Camille changes places with her and looks in. Then he moves a step across the threshold, leans forward peeringly, and then turns about, lifts his ill-kept forefinger, and murmurs while he fixes his little eyes on hers:

"If you make a noise, or in any way let any one know what has happened, it will cost you all he is worth. I will leave you alone with him just ten minutes." He makes as if to pass by her towards the stair, but she seizes him by the wrist.

"What do you mean?" she asks, with alarm.

"Hush! you speak too loud. He is dead."

The woman leaps by him, slamming him against the banisters, and disappears within the room. Camille hears her loud, long moan as she reaches the bedside. He takes three or four audible steps away from the door and towards the stairs, then turns, and darting with the swift silence of a cat surprises her on her knees by the bed, disheveled, unheeding, all moans and tears, and covering with passionate kisses the dead man's—hands only!

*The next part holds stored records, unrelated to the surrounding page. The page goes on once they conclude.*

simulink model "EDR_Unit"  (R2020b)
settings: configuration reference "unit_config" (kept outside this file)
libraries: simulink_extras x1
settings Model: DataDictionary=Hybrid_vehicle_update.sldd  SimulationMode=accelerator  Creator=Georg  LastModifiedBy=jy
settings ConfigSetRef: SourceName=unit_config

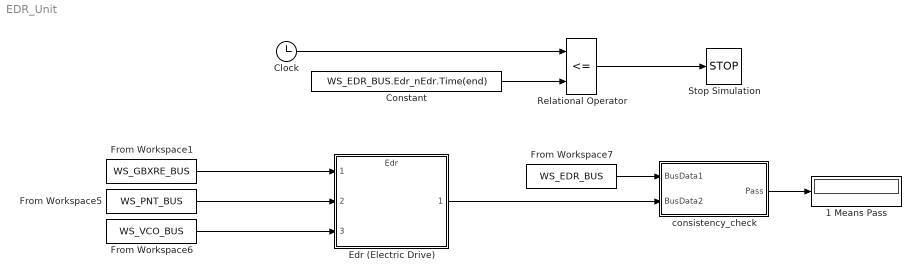
== system EDR_Unit ==
  1 Means Pass : Display
  Clock : Clock
  Constant : Constant  Value=WS_EDR_BUS.Edr_nEdr.Time(end)
  Edr (Electric Drive) : ModelReference  ModelNameDialog=Edr  SimulationMode=Normal  ModelReferenceVersion=2.16
      mask Display: image('$imagefile'); % Use "Edit Image" on toolstrip to change.
  From Workspace1 : FromWorkspace  VariableName=WS_GBXRE_BUS  OutDataTypeStr=Bus: GBXRE_BUS  SampleTime=0.002  Interpolate=off  OutputAfterFinalValue=Holding final value
  From Workspace5 : FromWorkspace  VariableName=WS_PNT_BUS  OutDataTypeStr=Bus: PNT_BUS  SampleTime=0.002  Interpolate=off  OutputAfterFinalValue=Holding final value
  From Workspace6 : FromWorkspace  VariableName=WS_VCO_BUS  OutDataTypeStr=Bus: VCO_BUS  SampleTime=0.002  Interpolate=off  OutputAfterFinalValue=Holding final value
  From Workspace7 : FromWorkspace  VariableName=WS_EDR_BUS  OutDataTypeStr=Bus: EDR_BUS  SampleTime=0.002  Interpolate=off  OutputAfterFinalValue=Holding final value
  Relational Operator : RelationalOperator  Operator=<=  OutDataTypeStr=boolean  RndMeth=Simplest
  Stop Simulation : Stop
  consistency_check : Subsystem
  wires:
  Clock/1 -> Relational Operator/1
  Relational Operator/1 -> Stop Simulation/1
  Constant/1 -> Relational Operator/2
  From Workspace1/1 -> Edr (Electric Drive)/1
  From Workspace5/1 -> Edr (Electric Drive)/2
  From Workspace6/1 -> Edr (Electric Drive)/3
  Edr (Electric Drive)/1 -> consistency_check/2(BusData2)
  From Workspace7/1 -> consistency_check/1(BusData1)
  consistency_check/1(Pass) -> 1 Means Pass/1

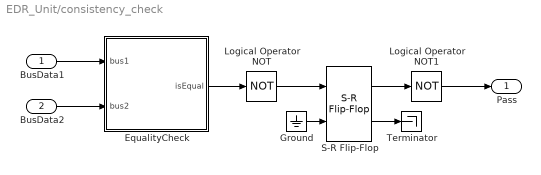
== system EDR_Unit/consistency_check ==
  BusData1 : Inport
  BusData2 : Inport  Port=2
  EqualityCheck : MATLAB Function  TreatAsAtomicUnit=on
  Ground : Ground
  Logical Operator NOT : Logic  Operator=NOT  AllPortsSameDT=off  OutDataTypeStr=boolean
  Logical Operator NOT1 : Logic  Operator=NOT  AllPortsSameDT=off  OutDataTypeStr=boolean
  S-R Flip-Flop : simulink_extras/Flip Flops/S-R Flip-Flop  initial_condition=0
  Terminator : Terminator
  Pass : Outport  VectorParamsAs1DForOutWhenUnconnected=off
  wires:
  Logical Operator NOT1/1 -> Pass/1
  S-R Flip-Flop/1 -> Logical Operator NOT1/1
  S-R Flip-Flop/2 -> Terminator/1
  Ground/1 -> S-R Flip-Flop/2
  Logical Operator NOT/1 -> S-R Flip-Flop/1
  EqualityCheck/1(isEqual) -> Logical Operator NOT/1
  BusData2/1 -> EqualityCheck/2(bus2)
  BusData1/1 -> EqualityCheck/1(bus1)

== matlab function EDR_Unit/consistency_check/EqualityCheck ==
  data: bus1 input; isEqual output; bus2 input
function isEqual = fcn(bus1, bus2)
isEqual = isequal(bus1, bus2);
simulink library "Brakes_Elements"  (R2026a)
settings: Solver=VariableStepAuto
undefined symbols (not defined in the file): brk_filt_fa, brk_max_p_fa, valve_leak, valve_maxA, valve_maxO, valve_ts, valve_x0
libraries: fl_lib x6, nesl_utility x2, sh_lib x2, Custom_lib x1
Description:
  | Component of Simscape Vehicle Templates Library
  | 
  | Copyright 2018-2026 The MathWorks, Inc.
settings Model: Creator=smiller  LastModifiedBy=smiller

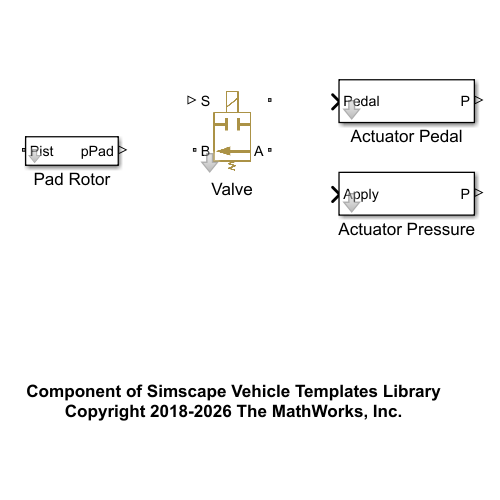
[thumbnail: Simulink's stored preview of the top-level diagram]
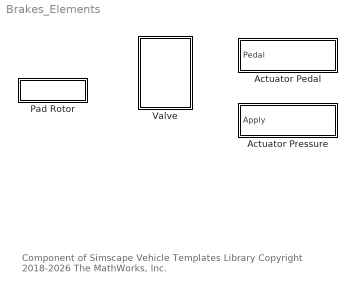
== system Brakes_Elements ==
  note: Component of Simscape Vehicle Templates Library
      | Copyright 2018-2026 The MathWorks, Inc.
  Actuator Pedal : Subsystem  mask(Brake Actuator, Pedal Input){brk_max_p=brk_max_p_fa, brk_filt=brk_filt_fa}
      mask prompts: brk_max_p "Max Pad Pressure (Pa)"; brk_filt "Time Constant (s)"
      mask help: Models brake actuator dynamics. A transfer function models delay from brake pedal movement to pressure applied at brake rotor.
      mask TypeOptions brk_max_p: Filter/Numerator
  Actuator Pressure : Subsystem  mask(Brake Actuator, Pressure Input){brk_filt=brk_filt_fa}
      mask prompts: brk_filt "Time Constant (s)"
      mask help: Models brake actuator dynamics. A transfer function models delay from pressure request from the control system to applying pressure at brake rotor.
  Pad Rotor : Subsystem  mask(Pad Rotor Contact){d_caliper_piston_f=0.01}
      mask prompts: d_caliper_piston_f "Front Caliper Piston Bore (m)"
      mask help: Models contact between pad and rotor. Determines pressure applied at rotor.
      mask TypeOptions d_caliper_piston_f:
      | Rotor Force
      | to Pad Pressure/cylinder_bore
  Valve : Subsystem  mask(Custom Two-Way Faultable Valve){area_max=valve_maxA, opening_max=valve_maxO, A_leak=valve_leak, x_0=valve_x0, time_constant=valve_ts, popup_openClose=Open, popup_fault=None}
      mask prompts: area_max "Valve passage maximum area"; opening_max "Valve maximum opening"; A_leak "Leakage area"; x_0 "Initial opening"; time_constant "Time constant"; popup_openClose "Nominally Open/Closed (image)"; popup_fault "Fault"
      mask help: Model two-way valve with optional degraded behavior.
      mask init:
      | if(strcmp(get_param(gcb,'popup_fault'),'None')) 
      |     set_param(gcb,'BackGroundColor','[1 1 1]');
      | else
      |     set_param(gcb,'BackGroundColor','[1.0, 0.85, 0.85]')
      | end
      mask TypeOptions area_max: Valve/area_max
      mask TypeOptions opening_max: Valve/opening_max | Valve Actuator/valve_stroke
      mask TypeOptions A_leak: Valve/A_leak
      mask TypeOptions x_0: Valve/x_0
      mask TypeOptions time_constant: Valve Actuator/time_constant
      mask TypeOptions popup_openClose: Open | Closed
      mask TypeOptions popup_fault: None | Stuck Open | Stuck Closed | Partial Open | Partial Close
      mask DialogControl Container4 Prompt: Geometry
      mask DialogControl Container8 Prompt: Fault
      mask Display:
      | if(strcmp(get_param(gcb,'popup_openClose'),'Open'))
      |     image('sm_car_2wayValve_nomOpen_IMAGE.png');
      | elseif(strcmp(get_param(gcb,'popup_openClose'),'Closed'))
      |     image('sm_car_2wayValve_IMAGE.png');
      | end

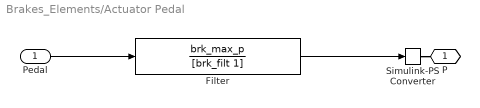
== system Brakes_Elements/Actuator Pedal ==
  Pedal : Inport
  Filter : TransferFcn  Numerator=brk_max_p  Denominator=[brk_filt 1]
  Simulink-PS Converter : nesl_utility/Simulink-PS Converter  PhysicalDomain=network_engine_domain  SubClassName=ps_input  LeftPortType=input  RightPortType=output  PseudoPeriodic=off  Frequencies=[]  NoiseDistribution=none  NoiseParameters=[]  Unit=1  AffineConversion=off  FilteringAndDerivatives=provide  SimscapeFilterOrder=1  InputFilterTimeConstant=0.001  UdotUserProvided=0
  P : PMIOPort  Side=Right
  wires:
  Pedal/1 -> Filter/1
  Filter/1 -> Simulink-PS Converter/1
  connections:
  Simulink-PS Converter/RConn1 -- P/RConn1

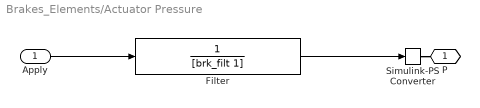
== system Brakes_Elements/Actuator Pressure ==
  Apply : Inport
  Filter : TransferFcn  Numerator=1  Denominator=[brk_filt 1]
  Simulink-PS Converter : nesl_utility/Simulink-PS Converter  PhysicalDomain=network_engine_domain  SubClassName=ps_input  LeftPortType=input  RightPortType=output  PseudoPeriodic=off  Frequencies=[]  NoiseDistribution=none  NoiseParameters=[]  Unit=1  AffineConversion=off  FilteringAndDerivatives=provide  SimscapeFilterOrder=1  InputFilterTimeConstant=0.001  UdotUserProvided=0
  P : PMIOPort  Side=Right
  wires:
  Filter/1 -> Simulink-PS Converter/1
  Apply/1 -> Filter/1
  connections:
  Simulink-PS Converter/RConn1 -- P/RConn1

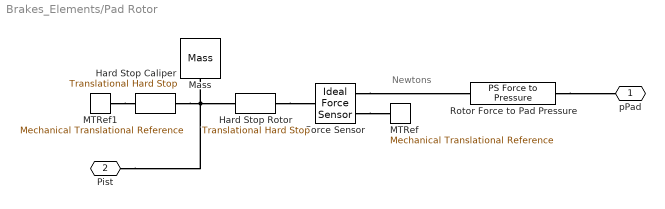
== system Brakes_Elements/Pad Rotor ==
  note: Newtons
  Force Sensor : fl_lib/Mechanical/Mechanical Sensors/Ideal Force Sensor
  Hard Stop Caliper : fl_lib/Mechanical/Translational Elements/Translational Hard Stop  upper_bnd=0.1 m  lower_bnd=0 m  model=1  stiff_up=1e6 N/m  stiff_low=1e6 N/m  D_up=150 N/(m/s)  D_low=150 N/(m/s)  transition=0.1 mm  coeff_rest=0.7  v_tol=0.001 m/s  f_tol=0.001 N  v_specify=off  v_priority=None  v=0 m/s  v_nominal_specify=off  v_nominal_value=1  v_nominal_unit=m/s  f_specify=off  f_priority=None  f=0 N  f_nominal_specify=off  f_nominal_value=1  f_nominal_unit=N  x_specify=off  x_priority=High  x=0 m  x_nominal_specify=off  x_nominal_value=1  x_nominal_unit=m  M_specify=off  M_priority=None  M=0
  Hard Stop Rotor : fl_lib/Mechanical/Translational Elements/Translational Hard Stop  upper_bnd=0.45*1e-3 m  lower_bnd=-0.1 m  model=1  stiff_up=1e9*1e-3 N/m  stiff_low=1e9*1e-3 N/m  D_up=1e6*1e-3 N/(m/s)  D_low=1e6*1e-3 N/(m/s)  transition=0.045*1e-3 m  coeff_rest=0.7  v_tol=0.001 m/s  f_tol=0.001 N  v_specify=off  v_priority=None  v=0 m/s  v_nominal_specify=off  v_nominal_value=1  v_nominal_unit=m/s  f_specify=off  f_priority=None  f=0 N  f_nominal_specify=off  f_nominal_value=1  f_nominal_unit=N  x_specify=off  x_priority=High  x=0 m  x_nominal_specify=off  x_nominal_value=1  x_nominal_unit=m  M_specify=off  M_priority=None  M=0
  MTRef : fl_lib/Mechanical/Translational Elements/Mechanical Translational Reference
  MTRef1 : fl_lib/Mechanical/Translational Elements/Mechanical Translational Reference
  Mass : fl_lib/Mechanical/Translational Elements/Mass  mass=0.3 kg  num_ports=foundation.enum.numPorts2.one  v_specify=off  v_priority=High  v=0 m/s  v_nominal_specify=off  v_nominal_value=1  v_nominal_unit=m/s  f_specify=off  f_priority=None  f=0 N  f_nominal_specify=off  f_nominal_value=1  f_nominal_unit=N
  Rotor Force to Pad Pressure : Custom_lib/PS Force to Pressure  cylinder_bore=d_caliper_piston_f m
  pPad : PMIOPort  Side=Left
  Pist : PMIOPort  Port=2  Side=Right
  connections:
  Rotor Force to Pad Pressure/RConn1 -- pPad/RConn1
  Hard Stop Rotor/RConn1 -- Force Sensor/LConn1
  Force Sensor/RConn1 -- MTRef/LConn1
  Pist/RConn1 -- Hard Stop Caliper/LConn1 -- Mass/LConn1 -- Hard Stop Rotor/LConn1
  MTRef1/LConn1 -- Hard Stop Caliper/RConn1
  Force Sensor/RConn2 -- Rotor Force to Pad Pressure/LConn1

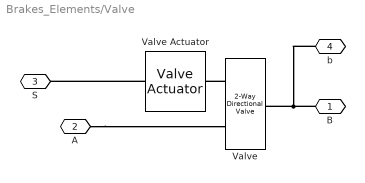
== system Brakes_Elements/Valve ==
  Valve : sh_lib/Valves/Directional Valves/2-Way Directional Valve  mdl_type=1  area_max=area_max mm^2  opening_max=opening_max m  opening_tab="[  -0.002 0 0.002 0.005 0.015 ] m"  area_tab="[  1e-09 2.0352e-07 4.0736e-05 0.00011438 0.00034356 ] m^2"  pressure_tab="[  -1e+07 -5e+06 -2e+06 2e+06 5e+06 1e+07 ] Pa"  flow_rate_tab="[  -1e-07 -7.0711e-08 -4.4721e-08 4.4721e-08 7.0711e-08 1e-07 ; -2.0352e-05 -1.4391e-05 -9.1017e-06 9.1017e-06 1.4391e-05 2.0352e-05 ; -0.0040736 -0.0028805 -0.0018218 0.0018218 0.0028805 0.0040736 ; -0.011438 -0.0080879 -0.0051152 0.0051152 0.0080879 0.011438 ; -0.034356 -0.024293 -0.015364 0.015364 0.024293 0.034356 ; ] m^3/s"  interp_method=1  extrap_method=1  C_d=0.7  x_0=x_0 m  A_leak=A_leak mm^2  lam_spec=2  B_lam=0.999  Re_cr=12
  Valve Actuator : sh_lib/Valves/Valve Actuators/Valve Actuator  valve_stroke=opening_max m  time_constant=time_constant s  gain=1 m
  B : PMIOPort  Side=Right
  A : PMIOPort  Port=2  Side=Left
  S : PMIOPort  Port=3  Side=Right
  b : PMIOPort  Port=4  Side=Left
  connections:
  A/RConn1 -- Valve/LConn2
  B/RConn1 -- b/RConn1 -- Valve/RConn1
  Valve Actuator/LConn1 -- S/RConn1
  Valve/LConn1 -- Valve Actuator/RConn1

To impute moral sublimity to a white man and a quadroon woman at one and the same time and in one and the same affair was something beyond the powers of Camille's small soul. But he gave Attalie, on the instant, full credit, over credit it may be, and felt a momentary thrill of spiritual contagion that he had scarcely known before in all his days. He uttered not a sound; but for all that he said within himself, drawing his breath in through his clenched teeth, and tightening his fists till they trembled, "Oho-o!—Aha!—No wonder you postponed the writing of your will day by day, month by month, year in and year out! But you shall see, my fine Michié White man—dead as you are, you shall see—you'll see if you shan't!—she shall have the money, little or much! Unless there are heirs she shall have every picayune of it!" Almost as quickly as it had flashed up, the faint flicker of moral feeling died out; yet the resolution remained. He was going to "beat" a dead white man.